First American competes in Golden Spurtle World Porridge (a.k.a. oatmeal) Making Championship
To my mind, oatmeal is the most boring food on Earth. On its own, without nuts or raisins sprinkled in, it’s the equivalent of a blank canvas aching for paint. If you're into the conceptual, po-mo weirdness of bare walls and dudes sitting at pianos not playing a note, then oatmeal is probably the perfect food for you -- you and Oliver Twist. After all, gruel is only a tiny cultural leap away from its big-city cousin, oatmeal. When Dickens' titular orphan hero asks, "Please, sir, might I have more?" (I'm paraphrasing here), that's how we, as readers, are meant to understand how utterly wretched his life is. For God's sake, the boy is begging for oatmeal.
But if the culinary trends of the last decade have taught us anything, it's that one era's poverty food is another's gourmet treat. (In a world where millions starve to death, the privilege of being able to complain about oatmeal is not lost on me.) So this Sunday (which also happens to be World Porridge Day, a terrific event that helps feed children in some of the poorest countries around the globe), an international array of chefs who take oatmeal way too seriously will gather at the 16th Annual Golden Spurtle World Porridge Making Championship in Carrbridge, Scotland, where they’ll do their best to gussy up the tabula rasa of the breakfast world. And for the first and only time in the history of this storied oatmeal-cooking competition, an American entrant has stepped onto the field of battle.
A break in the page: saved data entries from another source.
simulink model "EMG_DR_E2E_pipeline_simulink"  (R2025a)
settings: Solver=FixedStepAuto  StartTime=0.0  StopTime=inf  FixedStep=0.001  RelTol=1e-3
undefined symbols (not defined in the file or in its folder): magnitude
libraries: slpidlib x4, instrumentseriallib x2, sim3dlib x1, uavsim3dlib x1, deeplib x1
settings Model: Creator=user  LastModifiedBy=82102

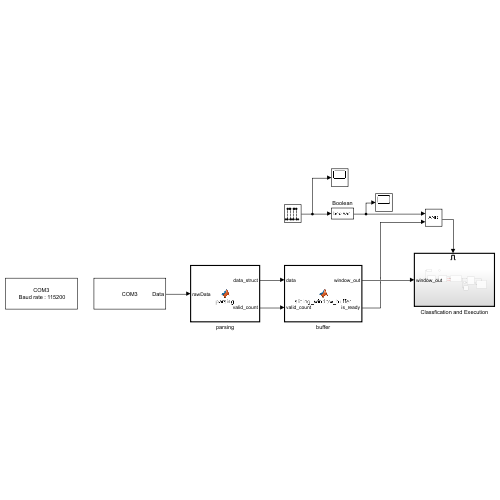
[thumbnail: Simulink's stored preview of the top-level diagram]
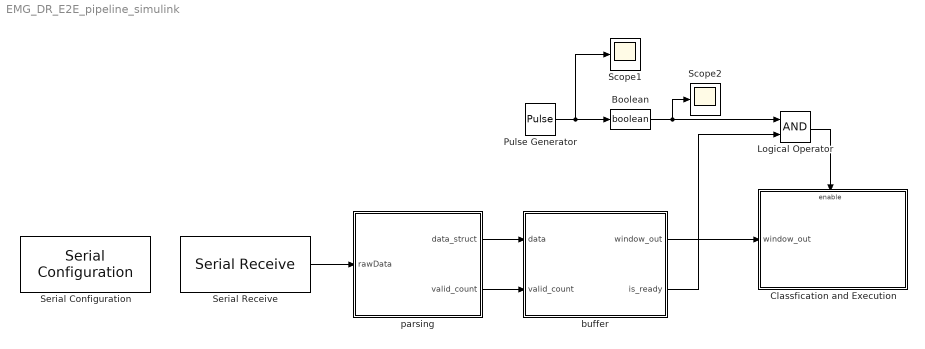
== system EMG_DR_E2E_pipeline_simulink ==
  Boolean : DataTypeConversion  OutDataTypeStr=boolean  SaturateOnIntegerOverflow=off  RndMeth=Floor
  Classfication and Execution : Subsystem  TreatAsAtomicUnit=on
  Logical Operator : Logic  AllPortsSameDT=off  OutDataTypeStr=boolean
  Pulse Generator : DiscretePulseGenerator  Period=100  SampleTime=0.001
  Scope1 : Scope
      settings: ActiveDisplayYMinimum=-1.4E-5  ActiveDisplayYMaximum=1.9E-5
  Scope2 : Scope
      settings: ActiveDisplayYMinimum=-2.3E-6  ActiveDisplayYMaximum=2.1E-6  DataLoggingVariableName=ScopeData2
  Serial Configuration : instrumentseriallib/Serial Configuration  Priority=-200000  PortSel=COM3  Port=COM3  ComPort=COM3  BaudRate=115200  DataBits=8  Parity=none  StopBits=1  ByteOrder=little-endian  FlowControl=none  Timeout=10  SimulateUsing=Interpreted execution  BlockInModel=on  aMode=1
  Serial Receive : instrumentseriallib/Serial Receive  Priority=1  PortSel=COM3  Port=COM3  ComPort=COM3  DataType=uint8  SaveDataType=uint8  ToggleHeader=off  Header=[]  ToggleDataSize=on  DataSize=[1 27]  ToggleTerminator=off  Terminator=<none>  CustomTerminator=[]  InputFormat=Column major  EnableBlockingMode=on  ActionDataUnavailable=Output last received value  ActionWhenDataUnavailable=Output last received value  CustomValue=0  SampleTime=0.001  SimulateUsing=Interpreted execution  BlockInModel=on  aMode=1  LibraryInUse=instrumentlib
  buffer : MATLAB Function  TreatAsAtomicUnit=on
  parsing : MATLAB Function  TreatAsAtomicUnit=on  SystemSampleTime=0.001
  wires:
  Serial Receive/1 -> parsing/1(rawData)
  parsing/1(data_struct) -> buffer/1(data)
  parsing/2(valid_count) -> buffer/2(valid_count)
  Pulse Generator/1 -> Boolean/1, Scope1/1
  Boolean/1 -> Logical Operator/1, Scope2/1
  buffer/1(window_out) -> Classfication and Execution/1(window_out)
  Logical Operator/1 -> Classfication and Execution/Enable
  buffer/2(is_ready) -> Logical Operator/2

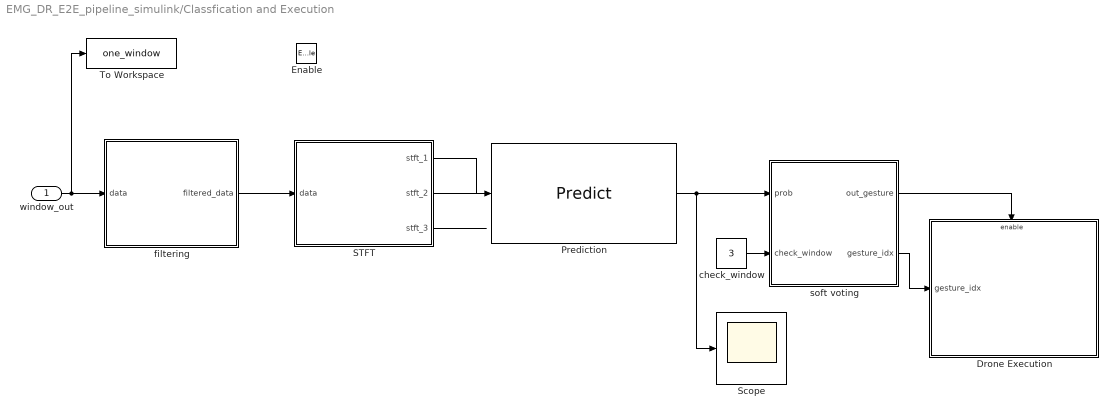
== system EMG_DR_E2E_pipeline_simulink/Classfication and Execution ==
  window_out : Inport
  Enable : EnablePort
  Drone Execution : Subsystem  TreatAsAtomicUnit=on
  Prediction : deeplib/Predict  Network=Network from MAT-file  NetworkFunction=squeezenet  NetworkFilePath=C:\Users\user\Desktop\MATLAB\model\trained_model_3ch_lstm.mat  MiniBatchSize=1  InputDataFormats={'',''}  Predictions=on  Activations={}  ForceInterpretedSim=off  EnableDLNetwork=on  LastKnownNetworkFilePath=''  LastKnownNetworkTimeStamp=''
  STFT : MATLAB Function  TreatAsAtomicUnit=on
  Scope : Scope
      settings: ActiveDisplayYMinimum=-0.125  ActiveDisplayYMaximum=1.125
  To Workspace : ToWorkspace  VariableName=one_window  SampleTime=-1
  check_window : Constant  Value=3
  filtering : MATLAB Function  TreatAsAtomicUnit=on
  soft voting : MATLAB Function  TreatAsAtomicUnit=on
  wires:
  check_window/1 -> soft voting/2(check_window)
  filtering/1(filtered_data) -> STFT/1(data)
  STFT/1(stft_1) -> Prediction/1
  Prediction/1 -> soft voting/1(prob), Scope/1
  window_out/1 -> To Workspace/1, filtering/1(data)
  soft voting/1(out_gesture) -> Drone Execution/Enable
  soft voting/2(gesture_idx) -> Drone Execution/1(gesture_idx)
  STFT/2(stft_2) -> ?
  STFT/3(stft_3) -> ?

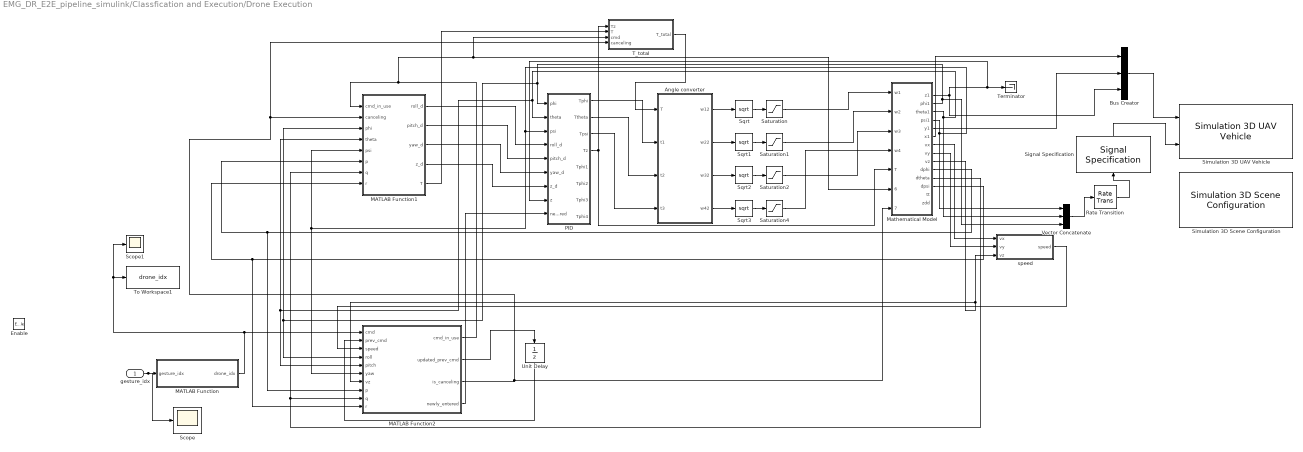
== system EMG_DR_E2E_pipeline_simulink/Classfication and Execution/Drone Execution ==
  gesture_idx : Inport
  Enable : EnablePort
  Angle converter : MATLAB Function  TreatAsAtomicUnit=on
  Bus Creator : BusCreator  Inputs=3
  MATLAB Function : MATLAB Function  TreatAsAtomicUnit=on
  MATLAB Function1 : MATLAB Function  TreatAsAtomicUnit=on
  MATLAB Function2 : MATLAB Function  TreatAsAtomicUnit=on
  Mathematical Model : Subsystem
  PID : Subsystem
  Rate Transition : RateTransition  Deterministic=off  OutPortSampleTime=0.01
  Saturation{,1..2,4} (4 alike) : Saturate  UpperLimit=8000  LowerLimit=0
  Scope : Scope
  Scope1 : Scope
      settings: ActiveDisplayYMinimum=0  ActiveDisplayYMaximum=9
  Signal Specification : SignalSpecification  OutDataTypeStr=double  Dimensions=[1 3]  SampleTime=0.01
  Simulation 3D Scene Configuration : sim3dlib/Simulation 3D Scene Configuration  Priority=0  ProjectFormat=Default Scenes  SceneDesc=US city block  ProjectName=C:\Program Files\MATLAB\R2025a\toolbox\shared\sim3d_projects\automotive_project_windows\UE\WindowsNoEditor\VehicleSimulation.exe  ScenePath=/Game/Maps/USCityBlock  EnableOpenDRIVE=off  vehTagList={'Scene Origin'}  vehTag=Scene Origin  AttachedCameraRelativeTranslation=[0 0 0]  FreeCameraDefaultInitialTranslation=[-6, 0, 2]  AttachedCameraRelativeRotation=[0 0 0]  FreeCameraDefaultInitialRotation=[0, -15, 0]  ViewpointName=Custom  FreeCameraInitialTranslation=[0, 0, 0]  ViewpointTranslation=[0 0 0]  FreeCameraInitialRotation=[0, 0, 0]  ViewpointRotation=[0 0 0]  OpVisEn=off  Ts=0.01  EnableWindow=on  EnableRemoteAccess=off  EnableWeather=off  SunAzimuth=90  SunAltitude=40.0  EnableGeospatialSun=off  Latitude=0  Longitude=0  Date=2023-01-01  Time=10:30:00  GeoTimeZone=-5.0  SunDaylightSaving=off  wind=1  clouds=10  EnableVolumetricClouds=off  CloudCoverage=0  CloudAltitude=6  fog=0  rain=0  RaindropsEffect=off  SnowDensity=0  EnableGeospatial=off  TilesetSource=Earth terrain  UseTrueOrigin=off  OriginHeight=200  OriginLatitude=40.744652  OriginLongitude=-73.988864  MapStyle=Aerial  AdditionalAssetIDs=[]  UseAdvancedSunSky=off  SolarTime=11  TimeZone=-5  Day=21  Month=9  Year=2022  UseDaylightSavingTime=on  DSTStartDay=10  DSTStartMonth=3  DSTEndDay=3  DSTEndMonth=11  DSTSwitchHour=2  sensorTag=MainCamera1  sensorId=1  sensorName=MainCamera1  mountLoc=Origin  offsetFlag=off  tmountOffset=[0, 0, 0]  rmountOffset=[0, 0, 0]  HorizontalResolution=1280  VerticalResolution=720  HorizontalFOV=60  mountPoint=[0 0 0]  mountOrientation=[0 0 0]  aMode=4  ID=1  GeoTrigger=Inactive  ViewNameList={'Custom'}  ViewTranslationList={'[0 0 0]'}  ViewRotationList={'[0 0 0]'}
      settings: LibrarySourceBlock=uavsim3dlib/Simulation 3D Scene Configuration
  Simulation 3D UAV Vehicle : uavsim3dlib/Simulation 3D UAV Vehicle  Priority=-1  Mesh=Quadrotor  MeshPath=/MathWorksUAVContent/UAVs/HexaRotorUAV/HexaRotor.HexaRotor  Color=Red  ActorName=SimulinkVehicle1  UseGlobalFrame=off  InitialTranslation=[0 0 0]  InitialRotation=[0 0 0]  InitialTranslationGlobal=[0 0 0]  InitialGeoOrigin=[0 0 0]  InitialRotationGlobal=[0 0 0]  SampleTime=0.01  ActorType=SimulinkVehicle  ID=1  aMode=4  ActorTag=SimulinkVehicle1
  Sqrt{,1..3} (4 alike) : Sqrt
  T_total : MATLAB Function  TreatAsAtomicUnit=on
  Terminator : Terminator
  To Workspace1 : ToWorkspace  VariableName=drone_idx  SaveFormat=Timeseries  SampleTime=-1
      settings: Save2DSignal=2-D array (concatenate along first dimension)
  Unit Delay : UnitDelay  SampleTime=-1  HasFrameUpgradeWarning=on
  Vector Concatenate : Concatenate  NumInputs=3
  speed : Subsystem
  wires:
  Saturation1/1 -> Mathematical Model/2(w2)
  Angle converter/3(w32) -> Sqrt2/1
  PID/3(Tpsi) -> Angle converter/4(t3)
  Vector Concatenate/1 -> Rate Transition/1
  MATLAB Function1/1(roll_d) -> PID/4(roll_d)
  Bus Creator/1 -> Simulation 3D UAV Vehicle/1
  Mathematical Model/9(vz) -> MATLAB Function2/7(vz), speed/3(vz)
  Mathematical Model/5(y1) -> Bus Creator/2
  MATLAB Function2/1(cmd_in_use) -> MATLAB Function1/1(cmd_in_use), T_total/3(cmd), Mathematical Model/6(cmd_in_use)
  MATLAB Function1/5(T) -> T_total/2(T)
  speed/1(speed) -> MATLAB Function2/3(speed)
  Sqrt2/1 -> Saturation2/1
  Angle converter/2(w22) -> Sqrt1/1
  Saturation/1 -> Mathematical Model/1(w1)
  Mathematical Model/7(vx) -> speed/1(vx)
  PID/2(Ttheta) -> Angle converter/3(t2)
  Saturation4/1 -> Mathematical Model/4(w4)
  MATLAB Function2/3(is_canceling) -> T_total/4(canceling), MATLAB Function1/2(canceling), Mathematical Model/7(is_canceling)
  Saturation2/1 -> Mathematical Model/3(w3)
  MATLAB Function2/2(updated_prev_cmd) -> Unit Delay/1
  Mathematical Model/8(vy) -> speed/2(vy)
  Sqrt/1 -> Saturation/1
  Mathematical Model/6(x1) -> Bus Creator/1
  PID/1(Tphi) -> Angle converter/2(t1)
  MATLAB Function1/3(yaw_d) -> PID/6(yaw_d)
  Angle converter/1(w12) -> Sqrt/1
  Sqrt3/1 -> Saturation4/1
  Signal Specification/1 -> Simulation 3D UAV Vehicle/2
  MATLAB Function2/4(newly_entered) -> PID/9(newly_entered)
  MATLAB Function1/2(pitch_d) -> PID/5(pitch_d)
  Mathematical Model/12(dpsi) -> MATLAB Function1/8(r), MATLAB Function2/10(r)
  Rate Transition/1 -> Signal Specification/1
  Sqrt1/1 -> Saturation1/1
  T_total/1(T_total) -> Angle converter/1(T)
  Angle converter/4(w42) -> Sqrt3/1
  Mathematical Model/1(z1) -> PID/8(z), Terminator/1, Bus Creator/3
  Mathematical Model/3(theta1) -> Vector Concatenate/2, PID/2(theta), MATLAB Function1/4(theta), MATLAB Function2/5(pitch)
  Mathematical Model/4(psi1) -> Vector Concatenate/1, MATLAB Function1/5(psi), MATLAB Function2/6(yaw), PID/3(psi)
  Mathematical Model/10(dphi) -> MATLAB Function1/6(p), MATLAB Function2/8(p)
  Mathematical Model/2(phi1) -> MATLAB Function1/3(phi), MATLAB Function2/4(roll), PID/1(phi), Vector Concatenate/3
  MATLAB Function1/4(z_d) -> PID/7(z_d)
  PID/4(Tz) -> T_total/1(Tz), Mathematical Model/5(T)
  Unit Delay/1 -> MATLAB Function2/2(prev_cmd)
  Mathematical Model/11(dtheta) -> MATLAB Function2/9(q), MATLAB Function1/7(q)
  gesture_idx/1 -> Scope/1, MATLAB Function/1(gesture_idx)
  MATLAB Function/1(drone_idx) -> MATLAB Function2/1(cmd), Scope1/1, To Workspace1/1

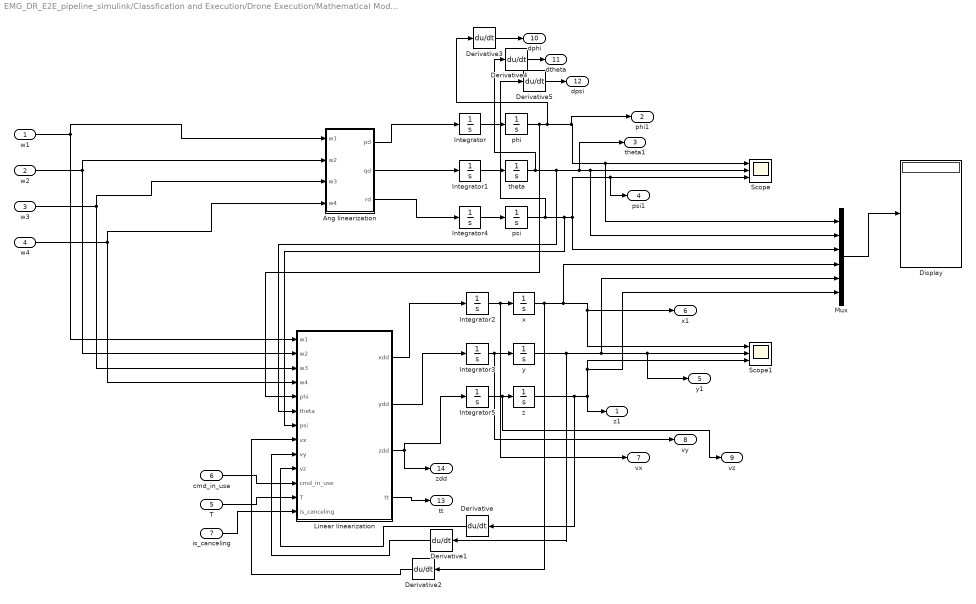
== system EMG_DR_E2E_pipeline_simulink/Classfication and Execution/Drone Execution/Mathematical Model ==
  w1 : Inport
  w2 : Inport  Port=2
  w3 : Inport  Port=3
  w4 : Inport  Port=4
  T : Inport  Port=5
  cmd_in_use : Inport  Port=6
  is_canceling : Inport  Port=7
  Ang linearization : MATLAB Function  TreatAsAtomicUnit=on
  Derivative : Derivative  CoefficientInTFapproximation=0.01
  Derivative1 : Derivative  CoefficientInTFapproximation=0.01
  Derivative2 : Derivative  CoefficientInTFapproximation=0.01
  Derivative3 : Derivative
  Derivative4 : Derivative
  Derivative5 : Derivative
  Display : Display
  Integrator{,1..5} (6 alike) : Integrator
  Linear linearization : MATLAB Function  TreatAsAtomicUnit=on
  Mux : Mux  Inputs=6
  Scope : Scope  NumInputPorts=3
      settings: ActiveDisplayYMinimum=-1  ActiveDisplayYMaximum=1
  Scope1 : Scope  NumInputPorts=3
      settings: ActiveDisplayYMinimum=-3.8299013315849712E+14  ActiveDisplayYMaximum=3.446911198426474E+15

The hopes, dreams and culinary pride of our nation rest on the shoulders of Matt Cox (of team Bob’s Red Mill), who will pit his Oregon Orchard Oat Brûlée against the best oats from around the world. Cox's signature oatmeal is a brûlée-topped wonder of steel-cut oats studded with a fruitful bounty of Oregon pears, cherries, hazelnuts and distilled spirits.
We don't know what odds the bookies have laid down, but Cox has the potential to blow the lid off the oatmeal world. You can cheer him on via Twitter or try the recipe that he spent months perfecting for yourself. Go, Team Oatmerica!
[Recipe after the jump]
Oregon Orchard Oat Brûlée
(recipe courtesy of Matt Cox and Bob's Red Mill)
1/2 cup steel cut oats, raw
1/2 cup steel cut oats, toasted
2 cups water
1/8 tsp salt
1/2 cup heavy cream
Soak oats in water overnight, covered.
Bring water and oats to a boil in a small saucepan.
Add salt and cream.
Cook 17-18 minutes, stirring. Remove from heat, cover and let set while preparing compote.
Makes 2-3 cups.
1 1/2 cups diced pears (unpeeled), sprinkled with lemon juice
1 tbsp. unsalted butter
3/4 tsp. toasted crushed coriander seed
3/4 tsp. cinnamon/sugar mixture (made from ¼ tsp. cinnamon and 3/4 tsp. sugar)
Pinch of salt
3/4 cup dried sweet cherries
1/2 cup Clear Creek Distillery Pear Eau de Vie
3/4 cup granulated sugar for flambe
Finely chopped hazelnuts for garnish
Melt butter over low flame in sauté pan. When butter is just beginning to color, add coriander and let it perfume the butter for a few seconds. Add the pears, and give the pan a shake. Sprinkle the cinnamon sugar and the salt over the pears and toss again to coat evenly.
Add the cherries and toss to coat. Turn the flame up and pour in the eau de vie. Tilt the pan to catch the gas flame and let the alcohol burn off. Continue to let the compote simmer until the juices begin to caramelize. Add to the oats and mix in gently. Spoon into three small bowls, mounding the tops.
Garnish with granulated sugar. Flambe. Add topping of finely chopped hazelnuts.